Piobbico includeva di certo lo Stinco, Col di Pastine, Rinci, Brilli e
come è stato già detto la chiesa di Santa Maria posta in
cima al paese.Secondo gli statuti comunali del 1508, risalenti ad altri
più antichi, sulla divisione in cinque contrade si basava anche
l'ordinamento del comune. Il Palio, nato come espressione del naturale
antagonismo tra le contrade, era una competizione che si svolgeva tutti
gli anni nella ricorrenza della festa dell'Assunta. In questa occasione
si teneva anche una fiera che durava sette giorni e nei periodi di maggiore
prosperità si svolgeva in un campo recintato nel piano delle Grazie.
L'afflusso di gente e lo spirito agonistico erano tali che negli statuti
del 1508 si parla addirittura di guerra tra le contrade.

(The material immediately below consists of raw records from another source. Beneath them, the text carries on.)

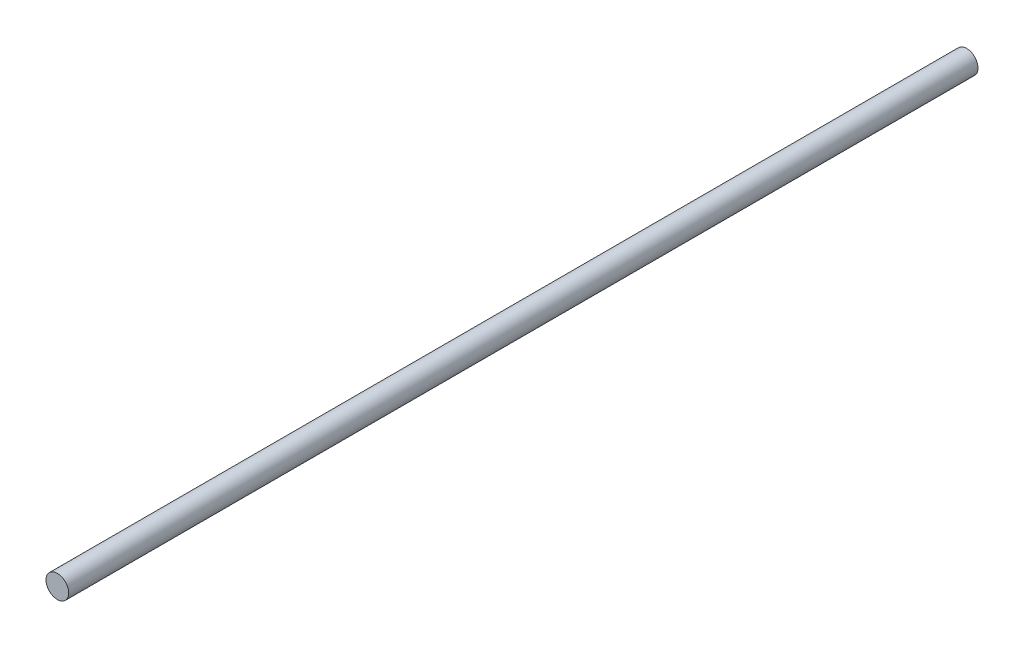
ISO-10303-21;
HEADER;
FILE_DESCRIPTION(('STEP AP214'),'2;1');
FILE_NAME('part.step','',(''),(''),'','','');
FILE_SCHEMA(('AUTOMOTIVE_DESIGN { 1 0 10303 214 1 1 1 1 }'));
ENDSEC;
DATA;
#1=APPLICATION_CONTEXT('core data for automotive mechanical design processes');
#2=APPLICATION_PROTOCOL_DEFINITION('international standard','automotive_design',2000,#1);
#3=PRODUCT_CONTEXT('',#1,'mechanical');
#4=PRODUCT('Part','Part','',(#3));
#5=PRODUCT_RELATED_PRODUCT_CATEGORY('part','',(#4));
#6=PRODUCT_DEFINITION_FORMATION('','',#4);
#7=PRODUCT_DEFINITION_CONTEXT('part definition',#1,'design');
#8=PRODUCT_DEFINITION('design','',#6,#7);
#9=PRODUCT_DEFINITION_SHAPE('','',#8);
#10=(LENGTH_UNIT() NAMED_UNIT(*) SI_UNIT(.MILLI.,.METRE.));
#11=(NAMED_UNIT(*) PLANE_ANGLE_UNIT() SI_UNIT($,.RADIAN.));
#12=(NAMED_UNIT(*) SI_UNIT($,.STERADIAN.) SOLID_ANGLE_UNIT());
#13=UNCERTAINTY_MEASURE_WITH_UNIT(LENGTH_MEASURE(1.E-05),#10,'distance_accuracy_value','');
#14=(GEOMETRIC_REPRESENTATION_CONTEXT(3) GLOBAL_UNCERTAINTY_ASSIGNED_CONTEXT((#13)) GLOBAL_UNIT_ASSIGNED_CONTEXT((#10,
#11,#12)) REPRESENTATION_CONTEXT('',''));
#15=CARTESIAN_POINT('',(0.,0.,0.));
#16=DIRECTION('',(0.,0.,1.));
#17=DIRECTION('',(1.,0.,0.));
#18=AXIS2_PLACEMENT_3D('',#15,#16,#17);
#19=CARTESIAN_POINT('',(0.,0.,254.));
#20=DIRECTION('',(0.,0.,-1.));
#21=DIRECTION('',(-1.,0.,0.));
#22=AXIS2_PLACEMENT_3D('',#19,#20,#21);
#23=CYLINDRICAL_SURFACE('',#22,3.175);
#24=CARTESIAN_POINT('',(0.,0.,254.));
#25=DIRECTION('',(0.,0.,1.));
#26=DIRECTION('',(1.,0.,0.));
#27=AXIS2_PLACEMENT_3D('',#24,#25,#26);
#28=CIRCLE('',#27,3.175);
#29=CARTESIAN_POINT('',(3.175,0.,254.));
#30=VERTEX_POINT('',#29);
#31=EDGE_CURVE('E10',#30,#30,#28,.T.);
#32=ORIENTED_EDGE('',*,*,#31,.F.);
#33=EDGE_LOOP('',(#32));
#34=FACE_BOUND('',#33,.T.);
#35=CARTESIAN_POINT('',(0.,0.,0.));
#36=DIRECTION('',(0.,0.,1.));
#37=DIRECTION('',(1.,0.,0.));
#38=AXIS2_PLACEMENT_3D('',#35,#36,#37);
#39=CIRCLE('',#38,3.175);
#40=CARTESIAN_POINT('',(3.175,0.,0.));
#41=VERTEX_POINT('',#40);
#42=EDGE_CURVE('E40',#41,#41,#39,.T.);
#43=ORIENTED_EDGE('',*,*,#42,.T.);
#44=EDGE_LOOP('',(#43));
#45=FACE_BOUND('',#44,.T.);
#46=ADVANCED_FACE('F37',(#34,#45),#23,.T.);
#47=CARTESIAN_POINT('',(0.,0.,254.));
#48=DIRECTION('',(0.,0.,1.));
#49=DIRECTION('',(1.,0.,0.));
#50=AXIS2_PLACEMENT_3D('',#47,#48,#49);
#51=PLANE('',#50);
#52=ORIENTED_EDGE('',*,*,#31,.T.);
#53=EDGE_LOOP('',(#52));
#54=FACE_BOUND('',#53,.T.);
#55=ADVANCED_FACE('F54',(#54),#51,.T.);
#56=CARTESIAN_POINT('',(0.,0.,0.));
#57=DIRECTION('',(0.,0.,1.));
#58=DIRECTION('',(1.,0.,0.));
#59=AXIS2_PLACEMENT_3D('',#56,#57,#58);
#60=PLANE('',#59);
#61=ORIENTED_EDGE('',*,*,#42,.F.);
#62=EDGE_LOOP('',(#61));
#63=FACE_BOUND('',#62,.T.);
#64=ADVANCED_FACE('F52',(#63),#60,.F.);
#65=CLOSED_SHELL('',(#46,#55,#64));
#66=MANIFOLD_SOLID_BREP('B2',#65);
#67=ADVANCED_BREP_SHAPE_REPRESENTATION('',(#18,#66),#14);
#68=SHAPE_DEFINITION_REPRESENTATION(#9,#67);
ENDSEC;
END-ISO-10303-21;

Il 25 luglio
dell'anno 1535, nell'imminenza della festa dell'Assunta, si riunì
il consiglio generale del comune e al primo posto, tra le proposte da
discutere, c'era:"Se piace celebrare la festa dell'Assunta...."(Bastardello
8,318). La proposta venne accolta con la seguente deliberazione:"Si
celebri la festa con gli onori e le cerimonie solite" (Ivi,319).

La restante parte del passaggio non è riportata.